A orquestra iniciou em 2004, quando Luís Carlos de Oliveira de Souza, Luizinho, deu início à uma “tradição familiar”, inspirado pelo interesse do filho Kainã do Jêje pela percussão. Ensaiavam e treinavam juntos, o que já se relacionava ao seu cargo de ogã no Bogum – responsável, entre outras funções, pelos atabaques. A prática da família chamou atenção da comunidade ao redor, reunindo mais de 30 jovens de toda a região do Engenho Velho da Federação para criar levadas originais.
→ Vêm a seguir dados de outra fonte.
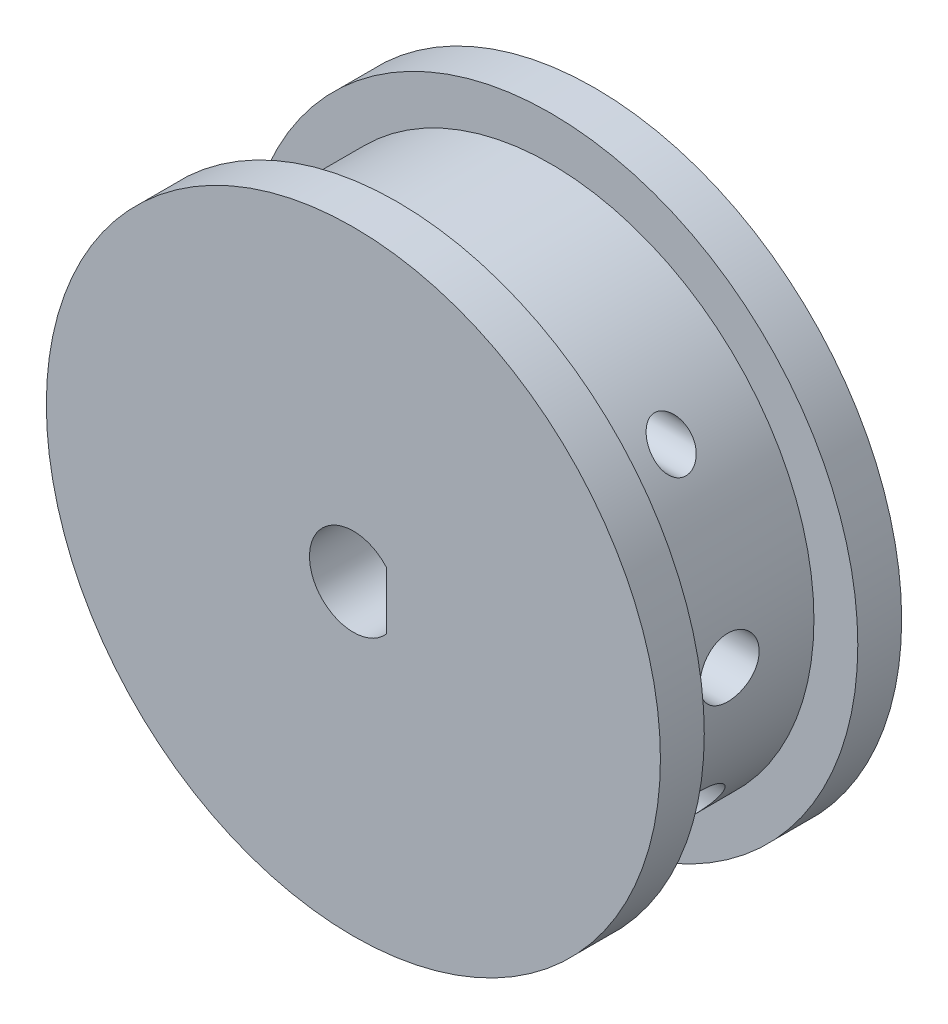
from build123d import *
from build123d.topology import SkipClean

# Parameters (mm, degrees)
SKETCH1_R                                           = 12
SKETCH1_R_2                                         = 2
SQUARE_BODY_DEPTH                                   = 11
CBORE_FOR_0_BINDING_HEAD_MACHINE_SCREW1_D           = 1.778
CBORE_FOR_0_BINDING_HEAD_MACHINE_SCREW1_CBORE_D     = 3.97002
CBORE_FOR_0_BINDING_HEAD_MACHINE_SCREW1_CBORE_DEPTH = 4.812792
CBORE_FOR_0_BINDING_HEAD_MACHINE_SC_2_D             = 1.778
CBORE_FOR_0_BINDING_HEAD_MACHINE_SC_2_CBORE_D       = 3.97002
CBORE_FOR_0_BINDING_HEAD_MACHINE_SC_2_CBORE_DEPTH   = 4.812792
F_6_32_TAPPED_HOLE2_D                               = 2.7051
F_6_32_TAPPED_HOLE2_DEPTH                           = 10.5
CENTER_SPINDLE_DEPTH                                = 21.223748416
SKETCH1_3_R                                         = 14
SKETCH1_3_R_2                                       = 12
TOP_FLANGE_DEPTH                                    = 2
BOTTOM_START                                        = 9
SKETCH1_4_R                                         = 14
SKETCH1_4_R_2                                       = 12
BOTTOM_FLANGE_DEPTH                                 = 2


with BuildPart() as part:
    # Sketch1 → Square Body (new body)
    # profile 1 of 10: a face of its own
    with BuildSketch(Plane.XY):
        Circle(SKETCH1_R)
        Circle(SKETCH1_R_2, mode=Mode.SUBTRACT)
    # profile 2 of 10: a face of its own
    with BuildSketch(Plane.XY):
        with BuildLine():
            Line((-12, 7.211102551), (-12, 0))
            ThreePointArc((-12, 0), (-8.485281374, 8.485281374), (0, 12))
            Line((0, 12), (-7.211102551, 12))
            ThreePointArc((-7.211102551, 12), (-9.899494937, 9.899494937), (-12, 7.211102551))
        make_face()
    # profile 3 of 10: a face of its own
    with BuildSketch(Plane.XY):
        with BuildLine():
            Line((-12, 12), (-12, 7.211102551))
            ThreePointArc((-12, 7.211102551), (-9.899494937, 9.899494937), (-7.211102551, 12))
            Line((-7.211102551, 12), (-12, 12))
        make_face()
    # profile 4 of 10: a face of its own
    with BuildSketch(Plane.XY):
        with BuildLine():
            ThreePointArc((0, -12), (-8.485281374, -8.485281374), (-12, 0))
            Line((-12, 0), (-12, -7.211102551))
            ThreePointArc((-12, -7.211102551), (-9.899494937, -9.899494937), (-7.211102551, -12))
            Line((-7.211102551, -12), (0, -12))
        make_face()
    # profile 5 of 10: a face of its own
    with BuildSketch(Plane.XY):
        with BuildLine():
            ThreePointArc((-7.211102551, -12), (-9.899494937, -9.899494937), (-12, -7.211102551))
            Line((-12, -7.211102551), (-12, -12))
            Line((-12, -12), (-7.211102551, -12))
        make_face()
    # profile 6 of 10: a face of its own
    with BuildSketch(Plane.XY):
        with BuildLine():
            ThreePointArc((12, 0), (8.485281374, -8.485281374), (0, -12))
            Line((0, -12), (7.211102551, -12))
            ThreePointArc((7.211102551, -12), (9.899494937, -9.899494937), (12, -7.211102551))
            Line((12, -7.211102551), (12, 0))
        make_face()
    # profile 7 of 10: a face of its own
    with BuildSketch(Plane.XY):
        with BuildLine():
            ThreePointArc((12, -7.211102551), (9.899494937, -9.899494937), (7.211102551, -12))
            Line((7.211102551, -12), (12, -12))
            Line((12, -12), (12, -7.211102551))
        make_face()
    # profile 8 of 10: a face of its own
    with BuildSketch(Plane.XY):
        with BuildLine():
            Line((7.211102551, 12), (0, 12))
            ThreePointArc((0, 12), (8.485281374, 8.485281374), (12, 0))
            Line((12, 0), (12, 7.211102551))
            ThreePointArc((12, 7.211102551), (9.899494937, 9.899494937), (7.211102551, 12))
        make_face()
    # profile 9 of 10: a face of its own
    with BuildSketch(Plane.XY):
        with BuildLine():
            Line((12, 12), (7.211102551, 12))
            ThreePointArc((7.211102551, 12), (9.899494937, 9.899494937), (12, 7.211102551))
            Line((12, 7.211102551), (12, 12))
        make_face()
    # profile 10 of 10: a face of its own
    with BuildSketch(Plane.XY):
        with BuildLine():
            ThreePointArc((2, 0), (1.870828693, 0.707106781), (1.5, 1.322875656))
            Line((1.5, 1.322875656), (1.5, -1.322875656))
            ThreePointArc((1.5, -1.322875656), (1.870828693, -0.707106781), (2, 0))
        make_face()
    extrude(amount=SQUARE_BODY_DEPTH)

    # CBORE for #0 Binding Head Machine Screw1 (through all)
    with Locations(Plane(origin=(-12, 7.5, 5.85), x_dir=(0, -1, 0), z_dir=(-1, 0, 0))):
        with Locations((0, 0)):
            CounterBoreHole(CBORE_FOR_0_BINDING_HEAD_MACHINE_SCREW1_D / 2, CBORE_FOR_0_BINDING_HEAD_MACHINE_SCREW1_CBORE_D / 2, CBORE_FOR_0_BINDING_HEAD_MACHINE_SCREW1_CBORE_DEPTH)

    # CBORE for _0 Binding Head Machine Sc 2 (through all)
    with Locations(Plane(origin=(12, -7.5, 5.85), x_dir=(0, 0, 1), z_dir=(1, 0, 0))):
        with Locations((0, 0)):
            CounterBoreHole(CBORE_FOR_0_BINDING_HEAD_MACHINE_SC_2_D / 2, CBORE_FOR_0_BINDING_HEAD_MACHINE_SC_2_CBORE_D / 2, CBORE_FOR_0_BINDING_HEAD_MACHINE_SC_2_CBORE_DEPTH)

    # #6-32 Tapped Hole2
    with Locations(Plane(origin=(12, 0, 5.85), x_dir=(0, 1, 0), z_dir=(1, 0, 0))):
        with Locations((0, 0)):
            Hole(F_6_32_TAPPED_HOLE2_D / 2, depth=F_6_32_TAPPED_HOLE2_DEPTH)

    # Sketch1<5> → Center Spindle (cut, through all)
    with SkipClean():  # the faces are left unmerged after this step: merging them gives an invalid solid
        with BuildSketch(Plane.XY):
            with BuildLine():
                ThreePointArc((0, -12), (-8.485281374, -8.485281374), (-12, 0))
                Line((-12, 0), (-12, -7.211102551))
                ThreePointArc((-12, -7.211102551), (-9.899494937, -9.899494937), (-7.211102551, -12))
                Line((-7.211102551, -12), (0, -12))
            make_face()
            with BuildLine():
                ThreePointArc((-7.211102551, -12), (-9.899494937, -9.899494937), (-12, -7.211102551))
                Line((-12, -7.211102551), (-12, -12))
                Line((-12, -12), (-7.211102551, -12))
            make_face()
            with BuildLine():
                Line((-12, 7.211102551), (-12, 0))
                ThreePointArc((-12, 0), (-8.485281374, 8.485281374), (0, 12))
                Line((0, 12), (-7.211102551, 12))
                ThreePointArc((-7.211102551, 12), (-9.899494937, 9.899494937), (-12, 7.211102551))
            make_face()
            with BuildLine():
                Line((-12, 12), (-12, 7.211102551))
                ThreePointArc((-12, 7.211102551), (-9.899494937, 9.899494937), (-7.211102551, 12))
                Line((-7.211102551, 12), (-12, 12))
            make_face()
            with BuildLine():
                Line((7.211102551, 12), (0, 12))
                ThreePointArc((0, 12), (8.485281374, 8.485281374), (12, 0))
                Line((12, 0), (12, 7.211102551))
                ThreePointArc((12, 7.211102551), (9.899494937, 9.899494937), (7.211102551, 12))
            make_face()
            with BuildLine():
                Line((12, 12), (7.211102551, 12))
                ThreePointArc((7.211102551, 12), (9.899494937, 9.899494937), (12, 7.211102551))
                Line((12, 7.211102551), (12, 12))
            make_face()
            with BuildLine():
                ThreePointArc((12, 0), (8.485281374, -8.485281374), (0, -12))
                Line((0, -12), (7.211102551, -12))
                ThreePointArc((7.211102551, -12), (9.899494937, -9.899494937), (12, -7.211102551))
                Line((12, -7.211102551), (12, 0))
            make_face()
            with BuildLine():
                ThreePointArc((12, -7.211102551), (9.899494937, -9.899494937), (7.211102551, -12))
                Line((7.211102551, -12), (12, -12))
                Line((12, -12), (12, -7.211102551))
            make_face()
        extrude(amount=CENTER_SPINDLE_DEPTH, mode=Mode.SUBTRACT)

    # Sketch1<3> → Top Flange (add)
    with SkipClean():  # the faces are left unmerged after this step: merging them gives an invalid solid
        with BuildSketch(Plane.XY):
            Circle(SKETCH1_3_R)
            Circle(SKETCH1_3_R_2, mode=Mode.SUBTRACT)
        extrude(amount=TOP_FLANGE_DEPTH)

    # Sketch1<4> → Bottom Flange (add)
    with SkipClean():  # the faces are left unmerged after this step: merging them gives an invalid solid
        with BuildSketch(Plane.XY.offset(BOTTOM_START)):
            Circle(SKETCH1_4_R)
            Circle(SKETCH1_4_R_2, mode=Mode.SUBTRACT)
        extrude(amount=BOTTOM_FLANGE_DEPTH)


solid = part.part

O bairro em si reforça a experimentação. É destaque pela elevada concentração de terreiros, e de comunidades antigas e influentes no candomblé brasileiro. Na avenida vizinha à Ladeira do Bogum, a Avenida Vasco da Gama, encontra-se o Ilê Oxumarê e o Terreiro da Casa Branca do Engenho Velho (Ilê Axé Iyá Nassô Oká), dois precursores e referências de nação ketu, com os quais o Bogum tem relações históricas muito próximas. O antigo terreiro Pó Zerrém (de culto Jeje-mahi) e o terreiro Tanuri Junsara (de nação Angola), também estão relacionados com a história da casa. 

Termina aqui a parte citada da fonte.